Mahkemece, dava konusu yerde yapılan keşif sonucu alınan uzman bilirkişi raporları doğrultusunda davalının işletmekte olduğu mezbahaneden kaynaklanan akıntılar ve yaymakta olduğu kokular nedeniyle davacıya verilmekte olan rahatsızlığın önlenmesine karar verilmiştir.
Hükmü, davalı idare vekili temyize getirmiştir.
Dava komşuluk hukukuna dayalı elatmanın önlenmesi istemine ilişkindir.
Türk Medeni Kanununun 683. maddesi; “Bir şeye malik olan kimse, hukuk düzeninin sınırları içerisinde o şey üzerinde dilediği gibi kullanma, yararlanma ve tasarrufta bulunma yetkisine sahiptir” hükmü ile malikin mülkiyet hakkını hukuksal sınırlar içinde kullanabileceğini düzenlemiştir.
Anılan kanunun taşınmaz mülkiyet hakkının kısıtlamalarını düzenleyen “komşu hakkı” bölümünde “kullanım biçimi” başlığı altında yer alan 737.
maddesi; “Herkes, taşınmaz mülkiyetinden doğan yetkilerini kullanırken ve özellikle işletme faaliyetini sürdürürken, komşularını olumsuz şekilde etkileyecek taşkınlıktan kaçınmakla yükümlüdür.

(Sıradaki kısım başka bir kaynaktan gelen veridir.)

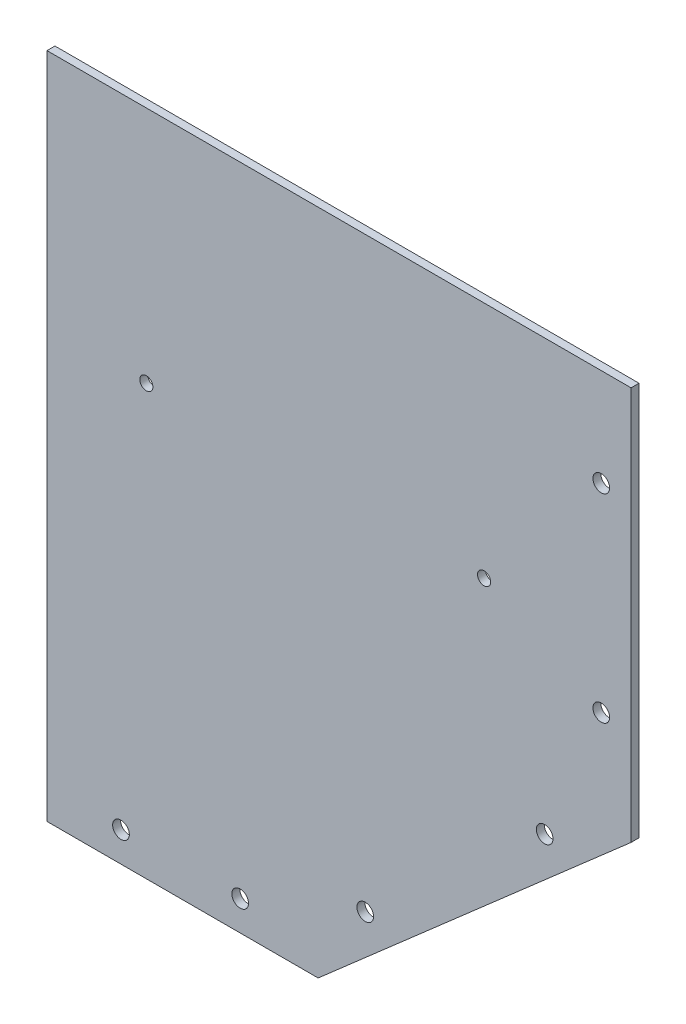
ISO-10303-21;
HEADER;
FILE_DESCRIPTION(('STEP AP214'),'2;1');
FILE_NAME('part.step','',(''),(''),'','','');
FILE_SCHEMA(('AUTOMOTIVE_DESIGN { 1 0 10303 214 1 1 1 1 }'));
ENDSEC;
DATA;
#1=APPLICATION_CONTEXT('core data for automotive mechanical design processes');
#2=APPLICATION_PROTOCOL_DEFINITION('international standard','automotive_design',2000,#1);
#3=PRODUCT_CONTEXT('',#1,'mechanical');
#4=PRODUCT('Part','Part','',(#3));
#5=PRODUCT_RELATED_PRODUCT_CATEGORY('part','',(#4));
#6=PRODUCT_DEFINITION_FORMATION('','',#4);
#7=PRODUCT_DEFINITION_CONTEXT('part definition',#1,'design');
#8=PRODUCT_DEFINITION('design','',#6,#7);
#9=PRODUCT_DEFINITION_SHAPE('','',#8);
#10=(LENGTH_UNIT() NAMED_UNIT(*) SI_UNIT(.MILLI.,.METRE.));
#11=(NAMED_UNIT(*) PLANE_ANGLE_UNIT() SI_UNIT($,.RADIAN.));
#12=(NAMED_UNIT(*) SI_UNIT($,.STERADIAN.) SOLID_ANGLE_UNIT());
#13=UNCERTAINTY_MEASURE_WITH_UNIT(LENGTH_MEASURE(1.E-05),#10,'distance_accuracy_value','');
#14=(GEOMETRIC_REPRESENTATION_CONTEXT(3) GLOBAL_UNCERTAINTY_ASSIGNED_CONTEXT((#13)) GLOBAL_UNIT_ASSIGNED_CONTEXT((#10,
#11,#12)) REPRESENTATION_CONTEXT('',''));
#15=CARTESIAN_POINT('',(0.,0.,0.));
#16=DIRECTION('',(0.,0.,1.));
#17=DIRECTION('',(1.,0.,0.));
#18=AXIS2_PLACEMENT_3D('',#15,#16,#17);
#19=CARTESIAN_POINT('',(0.,0.,2.));
#20=DIRECTION('',(0.,1.,0.));
#21=DIRECTION('',(0.,0.,1.));
#22=AXIS2_PLACEMENT_3D('',#19,#20,#21);
#23=PLANE('',#22);
#24=DIRECTION('',(1.,0.,0.));
#25=VECTOR('',#24,1.);
#26=CARTESIAN_POINT('',(0.,0.,0.));
#27=LINE('',#26,#25);
#28=CARTESIAN_POINT('',(0.,0.,0.));
#29=VERTEX_POINT('',#28);
#30=CARTESIAN_POINT('',(68.24,0.,0.));
#31=VERTEX_POINT('',#30);
#32=EDGE_CURVE('E132',#29,#31,#27,.T.);
#33=ORIENTED_EDGE('',*,*,#32,.T.);
#34=DIRECTION('',(0.,0.,-1.));
#35=VECTOR('',#34,1.);
#36=CARTESIAN_POINT('',(68.24,0.,2.));
#37=LINE('',#36,#35);
#38=CARTESIAN_POINT('',(68.24,0.,2.));
#39=VERTEX_POINT('',#38);
#40=EDGE_CURVE('E11',#39,#31,#37,.T.);
#41=ORIENTED_EDGE('',*,*,#40,.F.);
#42=DIRECTION('',(1.,0.,0.));
#43=VECTOR('',#42,1.);
#44=CARTESIAN_POINT('',(0.,0.,2.));
#45=LINE('',#44,#43);
#46=CARTESIAN_POINT('',(0.,0.,2.));
#47=VERTEX_POINT('',#46);
#48=EDGE_CURVE('E149',#47,#39,#45,.T.);
#49=ORIENTED_EDGE('',*,*,#48,.F.);
#50=DIRECTION('',(0.,0.,-1.));
#51=VECTOR('',#50,1.);
#52=CARTESIAN_POINT('',(0.,0.,2.));
#53=LINE('',#52,#51);
#54=EDGE_CURVE('E109',#47,#29,#53,.T.);
#55=ORIENTED_EDGE('',*,*,#54,.T.);
#56=EDGE_LOOP('',(#33,#41,#49,#55));
#57=FACE_BOUND('',#56,.T.);
#58=ADVANCED_FACE('F37',(#57),#23,.F.);
#59=CARTESIAN_POINT('',(29.5956067368034,-33.8186969825855,2.));
#60=DIRECTION('',(-0.658558128911921,0.752529860433478,0.));
#61=DIRECTION('',(-0.752529860433478,-0.658558128911921,0.));
#62=AXIS2_PLACEMENT_3D('',#59,#60,#61);
#63=PLANE('',#62);
#64=DIRECTION('',(0.752529860433478,0.658558128911921,0.));
#65=VECTOR('',#64,1.);
#66=CARTESIAN_POINT('',(29.5956067368034,-33.8186969825855,0.));
#67=LINE('',#66,#65);
#68=CARTESIAN_POINT('',(146.992249894363,68.9181081906326,0.));
#69=VERTEX_POINT('',#68);
#70=EDGE_CURVE('E135',#31,#69,#67,.T.);
#71=ORIENTED_EDGE('',*,*,#70,.T.);
#72=DIRECTION('',(0.,0.,-1.));
#73=VECTOR('',#72,1.);
#74=CARTESIAN_POINT('',(146.992249894363,68.9181081906326,2.));
#75=LINE('',#74,#73);
#76=CARTESIAN_POINT('',(146.992249894363,68.9181081906326,2.));
#77=VERTEX_POINT('',#76);
#78=EDGE_CURVE('E47',#77,#69,#75,.T.);
#79=ORIENTED_EDGE('',*,*,#78,.F.);
#80=DIRECTION('',(0.752529860433478,0.658558128911921,0.));
#81=VECTOR('',#80,1.);
#82=CARTESIAN_POINT('',(29.5956067368034,-33.8186969825855,2.));
#83=LINE('',#82,#81);
#84=EDGE_CURVE('E89',#39,#77,#83,.T.);
#85=ORIENTED_EDGE('',*,*,#84,.F.);
#86=ORIENTED_EDGE('',*,*,#40,.T.);
#87=EDGE_LOOP('',(#71,#79,#85,#86));
#88=FACE_BOUND('',#87,.T.);
#89=ADVANCED_FACE('F164',(#88),#63,.F.);
#90=CARTESIAN_POINT('',(146.992249894364,1.23517305978068E-13,2.));
#91=DIRECTION('',(-1.,0.,0.));
#92=DIRECTION('',(0.,-1.,0.));
#93=AXIS2_PLACEMENT_3D('',#90,#91,#92);
#94=PLANE('',#93);
#95=DIRECTION('',(0.,1.,0.));
#96=VECTOR('',#95,1.);
#97=CARTESIAN_POINT('',(146.992249894364,1.23517305978068E-13,0.));
#98=LINE('',#97,#96);
#99=CARTESIAN_POINT('',(146.992249894363,168.01,0.));
#100=VERTEX_POINT('',#99);
#101=EDGE_CURVE('E104',#69,#100,#98,.T.);
#102=ORIENTED_EDGE('',*,*,#101,.T.);
#103=DIRECTION('',(0.,0.,-1.));
#104=VECTOR('',#103,1.);
#105=CARTESIAN_POINT('',(146.992249894363,168.01,2.));
#106=LINE('',#105,#104);
#107=CARTESIAN_POINT('',(146.992249894363,168.01,2.));
#108=VERTEX_POINT('',#107);
#109=EDGE_CURVE('E101',#108,#100,#106,.T.);
#110=ORIENTED_EDGE('',*,*,#109,.F.);
#111=DIRECTION('',(0.,1.,0.));
#112=VECTOR('',#111,1.);
#113=CARTESIAN_POINT('',(146.992249894364,1.23517305978068E-13,2.));
#114=LINE('',#113,#112);
#115=EDGE_CURVE('E93',#77,#108,#114,.T.);
#116=ORIENTED_EDGE('',*,*,#115,.F.);
#117=ORIENTED_EDGE('',*,*,#78,.T.);
#118=EDGE_LOOP('',(#102,#110,#116,#117));
#119=FACE_BOUND('',#118,.T.);
#120=ADVANCED_FACE('F102',(#119),#94,.F.);
#121=CARTESIAN_POINT('',(0.,168.01,2.));
#122=DIRECTION('',(0.,-1.,0.));
#123=DIRECTION('',(1.,0.,0.));
#124=AXIS2_PLACEMENT_3D('',#121,#122,#123);
#125=PLANE('',#124);
#126=DIRECTION('',(-1.,0.,0.));
#127=VECTOR('',#126,1.);
#128=CARTESIAN_POINT('',(0.,168.01,0.));
#129=LINE('',#128,#127);
#130=CARTESIAN_POINT('',(0.,168.01,0.));
#131=VERTEX_POINT('',#130);
#132=EDGE_CURVE('E75',#100,#131,#129,.T.);
#133=ORIENTED_EDGE('',*,*,#132,.T.);
#134=DIRECTION('',(0.,0.,-1.));
#135=VECTOR('',#134,1.);
#136=CARTESIAN_POINT('',(0.,168.01,2.));
#137=LINE('',#136,#135);
#138=CARTESIAN_POINT('',(0.,168.01,2.));
#139=VERTEX_POINT('',#138);
#140=EDGE_CURVE('E105',#139,#131,#137,.T.);
#141=ORIENTED_EDGE('',*,*,#140,.F.);
#142=DIRECTION('',(-1.,0.,0.));
#143=VECTOR('',#142,1.);
#144=CARTESIAN_POINT('',(0.,168.01,2.));
#145=LINE('',#144,#143);
#146=EDGE_CURVE('E97',#108,#139,#145,.T.);
#147=ORIENTED_EDGE('',*,*,#146,.F.);
#148=ORIENTED_EDGE('',*,*,#109,.T.);
#149=EDGE_LOOP('',(#133,#141,#147,#148));
#150=FACE_BOUND('',#149,.T.);
#151=ADVANCED_FACE('F107',(#150),#125,.F.);
#152=CARTESIAN_POINT('',(48.62,7.5,2.));
#153=DIRECTION('',(0.,0.,-1.));
#154=DIRECTION('',(-1.,0.,0.));
#155=AXIS2_PLACEMENT_3D('',#152,#153,#154);
#156=CYLINDRICAL_SURFACE('',#155,2.1);
#157=CARTESIAN_POINT('',(48.62,7.5,2.));
#158=DIRECTION('',(0.,0.,1.));
#159=DIRECTION('',(1.,0.,0.));
#160=AXIS2_PLACEMENT_3D('',#157,#158,#159);
#161=CIRCLE('',#160,2.1);
#162=CARTESIAN_POINT('',(50.72,7.5,2.));
#163=VERTEX_POINT('',#162);
#164=EDGE_CURVE('E249',#163,#163,#161,.T.);
#165=ORIENTED_EDGE('',*,*,#164,.T.);
#166=EDGE_LOOP('',(#165));
#167=FACE_BOUND('',#166,.T.);
#168=CARTESIAN_POINT('',(48.62,7.5,0.));
#169=DIRECTION('',(0.,0.,1.));
#170=DIRECTION('',(1.,0.,0.));
#171=AXIS2_PLACEMENT_3D('',#168,#169,#170);
#172=CIRCLE('',#171,2.1);
#173=CARTESIAN_POINT('',(50.72,7.5,0.));
#174=VERTEX_POINT('',#173);
#175=EDGE_CURVE('E129',#174,#174,#172,.T.);
#176=ORIENTED_EDGE('',*,*,#175,.F.);
#177=EDGE_LOOP('',(#176));
#178=FACE_BOUND('',#177,.T.);
#179=ADVANCED_FACE('F172',(#167,#178),#156,.F.);
#180=CARTESIAN_POINT('',(18.62,7.5,2.));
#181=DIRECTION('',(0.,0.,-1.));
#182=DIRECTION('',(-1.,0.,0.));
#183=AXIS2_PLACEMENT_3D('',#180,#181,#182);
#184=CYLINDRICAL_SURFACE('',#183,2.1);
#185=CARTESIAN_POINT('',(18.62,7.5,2.));
#186=DIRECTION('',(0.,0.,1.));
#187=DIRECTION('',(1.,0.,0.));
#188=AXIS2_PLACEMENT_3D('',#185,#186,#187);
#189=CIRCLE('',#188,2.1);
#190=CARTESIAN_POINT('',(20.72,7.5,2.));
#191=VERTEX_POINT('',#190);
#192=EDGE_CURVE('E246',#191,#191,#189,.T.);
#193=ORIENTED_EDGE('',*,*,#192,.T.);
#194=EDGE_LOOP('',(#193));
#195=FACE_BOUND('',#194,.T.);
#196=CARTESIAN_POINT('',(18.62,7.5,0.));
#197=DIRECTION('',(0.,0.,1.));
#198=DIRECTION('',(1.,0.,0.));
#199=AXIS2_PLACEMENT_3D('',#196,#197,#198);
#200=CIRCLE('',#199,2.1);
#201=CARTESIAN_POINT('',(20.72,7.5,0.));
#202=VERTEX_POINT('',#201);
#203=EDGE_CURVE('E126',#202,#202,#200,.T.);
#204=ORIENTED_EDGE('',*,*,#203,.F.);
#205=EDGE_LOOP('',(#204));
#206=FACE_BOUND('',#205,.T.);
#207=ADVANCED_FACE('F175',(#195,#206),#184,.F.);
#208=CARTESIAN_POINT('',(139.492249894363,143.468108190633,2.));
#209=DIRECTION('',(0.,0.,-1.));
#210=DIRECTION('',(-1.,0.,0.));
#211=AXIS2_PLACEMENT_3D('',#208,#209,#210);
#212=CYLINDRICAL_SURFACE('',#211,2.09999999999999);
#213=CARTESIAN_POINT('',(139.492249894363,143.468108190633,2.));
#214=DIRECTION('',(0.,0.,1.));
#215=DIRECTION('',(1.,0.,0.));
#216=AXIS2_PLACEMENT_3D('',#213,#214,#215);
#217=CIRCLE('',#216,2.09999999999999);
#218=CARTESIAN_POINT('',(141.592249894363,143.468108190633,2.));
#219=VERTEX_POINT('',#218);
#220=EDGE_CURVE('E243',#219,#219,#217,.T.);
#221=ORIENTED_EDGE('',*,*,#220,.T.);
#222=EDGE_LOOP('',(#221));
#223=FACE_BOUND('',#222,.T.);
#224=CARTESIAN_POINT('',(139.492249894363,143.468108190633,0.));
#225=DIRECTION('',(0.,0.,1.));
#226=DIRECTION('',(1.,0.,0.));
#227=AXIS2_PLACEMENT_3D('',#224,#225,#226);
#228=CIRCLE('',#227,2.09999999999999);
#229=CARTESIAN_POINT('',(141.592249894363,143.468108190633,0.));
#230=VERTEX_POINT('',#229);
#231=EDGE_CURVE('E123',#230,#230,#228,.T.);
#232=ORIENTED_EDGE('',*,*,#231,.F.);
#233=EDGE_LOOP('',(#232));
#234=FACE_BOUND('',#233,.T.);
#235=ADVANCED_FACE('F179',(#223,#234),#212,.F.);
#236=CARTESIAN_POINT('',(139.492249894363,93.4681081906326,2.));
#237=DIRECTION('',(0.,0.,-1.));
#238=DIRECTION('',(-1.,0.,0.));
#239=AXIS2_PLACEMENT_3D('',#236,#237,#238);
#240=CYLINDRICAL_SURFACE('',#239,2.09999999999999);
#241=CARTESIAN_POINT('',(139.492249894363,93.4681081906326,2.));
#242=DIRECTION('',(0.,0.,1.));
#243=DIRECTION('',(1.,0.,0.));
#244=AXIS2_PLACEMENT_3D('',#241,#242,#243);
#245=CIRCLE('',#244,2.09999999999999);
#246=CARTESIAN_POINT('',(141.592249894363,93.4681081906326,2.));
#247=VERTEX_POINT('',#246);
#248=EDGE_CURVE('E240',#247,#247,#245,.T.);
#249=ORIENTED_EDGE('',*,*,#248,.T.);
#250=EDGE_LOOP('',(#249));
#251=FACE_BOUND('',#250,.T.);
#252=CARTESIAN_POINT('',(139.492249894363,93.4681081906326,0.));
#253=DIRECTION('',(0.,0.,1.));
#254=DIRECTION('',(1.,0.,0.));
#255=AXIS2_PLACEMENT_3D('',#252,#253,#254);
#256=CIRCLE('',#255,2.09999999999999);
#257=CARTESIAN_POINT('',(141.592249894363,93.4681081906326,0.));
#258=VERTEX_POINT('',#257);
#259=EDGE_CURVE('E120',#258,#258,#256,.T.);
#260=ORIENTED_EDGE('',*,*,#259,.F.);
#261=EDGE_LOOP('',(#260));
#262=FACE_BOUND('',#261,.T.);
#263=ADVANCED_FACE('F183',(#251,#262),#240,.F.);
#264=CARTESIAN_POINT('',(80.0972805180358,20.3429913905652,2.));
#265=DIRECTION('',(0.,0.,-1.));
#266=DIRECTION('',(-1.,0.,0.));
#267=AXIS2_PLACEMENT_3D('',#264,#265,#266);
#268=CYLINDRICAL_SURFACE('',#267,2.1);
#269=CARTESIAN_POINT('',(80.0972805180358,20.3429913905652,2.));
#270=DIRECTION('',(0.,0.,1.));
#271=DIRECTION('',(1.,0.,0.));
#272=AXIS2_PLACEMENT_3D('',#269,#270,#271);
#273=CIRCLE('',#272,2.1);
#274=CARTESIAN_POINT('',(82.1972805180358,20.3429913905652,2.));
#275=VERTEX_POINT('',#274);
#276=EDGE_CURVE('E194',#275,#275,#273,.T.);
#277=ORIENTED_EDGE('',*,*,#276,.T.);
#278=EDGE_LOOP('',(#277));
#279=FACE_BOUND('',#278,.T.);
#280=CARTESIAN_POINT('',(80.0972805180358,20.3429913905652,0.));
#281=DIRECTION('',(0.,0.,1.));
#282=DIRECTION('',(1.,0.,0.));
#283=AXIS2_PLACEMENT_3D('',#280,#281,#282);
#284=CIRCLE('',#283,2.1);
#285=CARTESIAN_POINT('',(82.1972805180358,20.3429913905652,0.));
#286=VERTEX_POINT('',#285);
#287=EDGE_CURVE('E116',#286,#286,#284,.T.);
#288=ORIENTED_EDGE('',*,*,#287,.F.);
#289=EDGE_LOOP('',(#288));
#290=FACE_BOUND('',#289,.T.);
#291=ADVANCED_FACE('F159',(#279,#290),#268,.F.);
#292=CARTESIAN_POINT('',(125.249072144044,59.8564791252805,2.));
#293=DIRECTION('',(0.,0.,-1.));
#294=DIRECTION('',(-1.,0.,0.));
#295=AXIS2_PLACEMENT_3D('',#292,#293,#294);
#296=CYLINDRICAL_SURFACE('',#295,2.09999999999999);
#297=CARTESIAN_POINT('',(125.249072144044,59.8564791252805,2.));
#298=DIRECTION('',(0.,0.,1.));
#299=DIRECTION('',(1.,0.,0.));
#300=AXIS2_PLACEMENT_3D('',#297,#298,#299);
#301=CIRCLE('',#300,2.09999999999999);
#302=CARTESIAN_POINT('',(127.349072144044,59.8564791252805,2.));
#303=VERTEX_POINT('',#302);
#304=EDGE_CURVE('E140',#303,#303,#301,.T.);
#305=ORIENTED_EDGE('',*,*,#304,.T.);
#306=EDGE_LOOP('',(#305));
#307=FACE_BOUND('',#306,.T.);
#308=CARTESIAN_POINT('',(125.249072144044,59.8564791252805,0.));
#309=DIRECTION('',(0.,0.,1.));
#310=DIRECTION('',(1.,0.,0.));
#311=AXIS2_PLACEMENT_3D('',#308,#309,#310);
#312=CIRCLE('',#311,2.09999999999999);
#313=CARTESIAN_POINT('',(127.349072144044,59.8564791252805,0.));
#314=VERTEX_POINT('',#313);
#315=EDGE_CURVE('E113',#314,#314,#312,.T.);
#316=ORIENTED_EDGE('',*,*,#315,.F.);
#317=EDGE_LOOP('',(#316));
#318=FACE_BOUND('',#317,.T.);
#319=ADVANCED_FACE('F39',(#307,#318),#296,.F.);
#320=CARTESIAN_POINT('',(0.,0.,2.));
#321=DIRECTION('',(1.,0.,0.));
#322=DIRECTION('',(0.,1.,0.));
#323=AXIS2_PLACEMENT_3D('',#320,#321,#322);
#324=PLANE('',#323);
#325=DIRECTION('',(0.,-1.,0.));
#326=VECTOR('',#325,1.);
#327=CARTESIAN_POINT('',(0.,0.,0.));
#328=LINE('',#327,#326);
#329=EDGE_CURVE('E81',#131,#29,#328,.T.);
#330=ORIENTED_EDGE('',*,*,#329,.T.);
#331=ORIENTED_EDGE('',*,*,#54,.F.);
#332=DIRECTION('',(0.,-1.,0.));
#333=VECTOR('',#332,1.);
#334=CARTESIAN_POINT('',(0.,0.,2.));
#335=LINE('',#334,#333);
#336=EDGE_CURVE('E55',#139,#47,#335,.T.);
#337=ORIENTED_EDGE('',*,*,#336,.F.);
#338=ORIENTED_EDGE('',*,*,#140,.T.);
#339=EDGE_LOOP('',(#330,#331,#337,#338));
#340=FACE_BOUND('',#339,.T.);
#341=ADVANCED_FACE('F150',(#340),#324,.F.);
#342=CARTESIAN_POINT('',(0.,0.,2.));
#343=DIRECTION('',(0.,0.,1.));
#344=DIRECTION('',(1.,0.,0.));
#345=AXIS2_PLACEMENT_3D('',#342,#343,#344);
#346=PLANE('',#345);
#347=CARTESIAN_POINT('',(25.,108.01,2.));
#348=DIRECTION('',(0.,0.,1.));
#349=DIRECTION('',(1.,0.,0.));
#350=AXIS2_PLACEMENT_3D('',#347,#348,#349);
#351=CIRCLE('',#350,1.64999999999999);
#352=CARTESIAN_POINT('',(26.65,108.01,2.));
#353=VERTEX_POINT('',#352);
#354=EDGE_CURVE('E228',#353,#353,#351,.T.);
#355=ORIENTED_EDGE('',*,*,#354,.F.);
#356=EDGE_LOOP('',(#355));
#357=FACE_BOUND('',#356,.T.);
#358=CARTESIAN_POINT('',(110.,108.01,2.));
#359=DIRECTION('',(0.,0.,1.));
#360=DIRECTION('',(1.,0.,0.));
#361=AXIS2_PLACEMENT_3D('',#358,#359,#360);
#362=CIRCLE('',#361,1.64999999999998);
#363=CARTESIAN_POINT('',(111.65,108.01,2.));
#364=VERTEX_POINT('',#363);
#365=EDGE_CURVE('E230',#364,#364,#362,.T.);
#366=ORIENTED_EDGE('',*,*,#365,.F.);
#367=EDGE_LOOP('',(#366));
#368=FACE_BOUND('',#367,.T.);
#369=ORIENTED_EDGE('',*,*,#304,.F.);
#370=EDGE_LOOP('',(#369));
#371=FACE_BOUND('',#370,.T.);
#372=ORIENTED_EDGE('',*,*,#276,.F.);
#373=EDGE_LOOP('',(#372));
#374=FACE_BOUND('',#373,.T.);
#375=ORIENTED_EDGE('',*,*,#248,.F.);
#376=EDGE_LOOP('',(#375));
#377=FACE_BOUND('',#376,.T.);
#378=ORIENTED_EDGE('',*,*,#220,.F.);
#379=EDGE_LOOP('',(#378));
#380=FACE_BOUND('',#379,.T.);
#381=ORIENTED_EDGE('',*,*,#192,.F.);
#382=EDGE_LOOP('',(#381));
#383=FACE_BOUND('',#382,.T.);
#384=ORIENTED_EDGE('',*,*,#164,.F.);
#385=EDGE_LOOP('',(#384));
#386=FACE_BOUND('',#385,.T.);
#387=ORIENTED_EDGE('',*,*,#48,.T.);
#388=ORIENTED_EDGE('',*,*,#84,.T.);
#389=ORIENTED_EDGE('',*,*,#115,.T.);
#390=ORIENTED_EDGE('',*,*,#146,.T.);
#391=ORIENTED_EDGE('',*,*,#336,.T.);
#392=EDGE_LOOP('',(#387,#388,#389,#390,#391));
#393=FACE_BOUND('',#392,.T.);
#394=ADVANCED_FACE('F95',(#357,#368,#371,#374,#377,#380,#383,#386,#393),#346,.T.);
#395=CARTESIAN_POINT('',(0.,0.,0.));
#396=DIRECTION('',(0.,0.,1.));
#397=DIRECTION('',(1.,0.,0.));
#398=AXIS2_PLACEMENT_3D('',#395,#396,#397);
#399=PLANE('',#398);
#400=CARTESIAN_POINT('',(25.,108.01,0.));
#401=DIRECTION('',(0.,0.,1.));
#402=DIRECTION('',(1.,0.,0.));
#403=AXIS2_PLACEMENT_3D('',#400,#401,#402);
#404=CIRCLE('',#403,1.64999999999999);
#405=CARTESIAN_POINT('',(26.65,108.01,0.));
#406=VERTEX_POINT('',#405);
#407=EDGE_CURVE('E41',#406,#406,#404,.T.);
#408=ORIENTED_EDGE('',*,*,#407,.T.);
#409=EDGE_LOOP('',(#408));
#410=FACE_BOUND('',#409,.T.);
#411=CARTESIAN_POINT('',(110.,108.01,0.));
#412=DIRECTION('',(0.,0.,1.));
#413=DIRECTION('',(1.,0.,0.));
#414=AXIS2_PLACEMENT_3D('',#411,#412,#413);
#415=CIRCLE('',#414,1.64999999999998);
#416=CARTESIAN_POINT('',(111.65,108.01,0.));
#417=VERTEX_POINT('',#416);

Özellikle; taşınmazın durumuna, niteliğine ve yerel âdete göre komşular arasında hoş görülebilecek dereceyi aşan duman, buğu, kurum, toz, koku çıkartarak, gürültü ve sarsıntı yaparak rahatsızlık vermek yasaktır. Yerel âdete uygun ve kaçınılmaz taşkınlıklardan doğan denkleştirmeye ilişkin haklar saklıdır” hükmü ile de malike, mülkün kullanılmasında komşuya zarar verecek taşkınlıklardan sakınma ödevi yükleyerek, yasal kısıtlamalardan birisini düzenlemiştir.
Taşkınlıktan amaç ise, komşuluğun olağan hoşgörü sınırlarını aşan ve komşunun kendisi ve ailesi ile taşınmazı zararına aşırı derecede etkili olabilecek iş ve eylemlerdir. Bu eylemlerin saptanmasında, taşınmazın bulunduğu yerin kullanma amacının, niteliğinin, konuya ilişkin düzenlemelerin ve yasal boşluk bulunması halinde mahalli örf ve adetlerin göz önünde tutulması gereklidir. Bu tür uyuşmazlıkların çözümünde hâkim, gerek zararı saptama, gerekse zararı giderici önlemleri bulma yönünden her somut olayın özelliğini gözetmek, tarafların yarar zarar dengelerini değerlendirmek durumundadır.
Komşuluk hukukunun öngördüğü sınırları aşan kullanım halinin saptanması halinde ise, HUMK’nun 389. maddesinde de belirtildiği şekilde kararda her iki tarafa yükletilen görev ve verilen hakların şüphe ve tereddüdü gerektirmeyecek biçimde açık ve infazı mümkün olacak şekilde kurulacak hükümde zararlı davranışın giderim şeklinin ve taraf yükümlülüklerinin açıkça gösterilmesi zorunludur.
Bu ilkeler ışığında somut olaya gelince; mahkemece yapılan yargılama sonunda söz konusu mezbahanenin kullanımından kaynaklanan atıkların çevreye koku yaydığı ve kirliliğe neden olduğu, insan sağlığına zararlı olduğu saptanmış olup bu zararın ne şekilde giderileceği hususunda uzman bilirkişi görüşü alınmalı ve bu önlemlerin hüküm kısmında tek tek belirtilmek suretiyle infazı kabil, şüpheye yer vermeyecek şekilde hüküm kurulmalıdır.
Mahkemece infaza elverişli hüküm kurulmamış olması doğru görülmediğinden kararın bozulması gerekmiştir.
SONUÇ: Yukarıda yazılı nedenlerle hükmün BOZULMASINA, istek halinde temyiz harcının yatırana iadesine, 08.06.2001 tarihinde oybirliği ile karar verildi.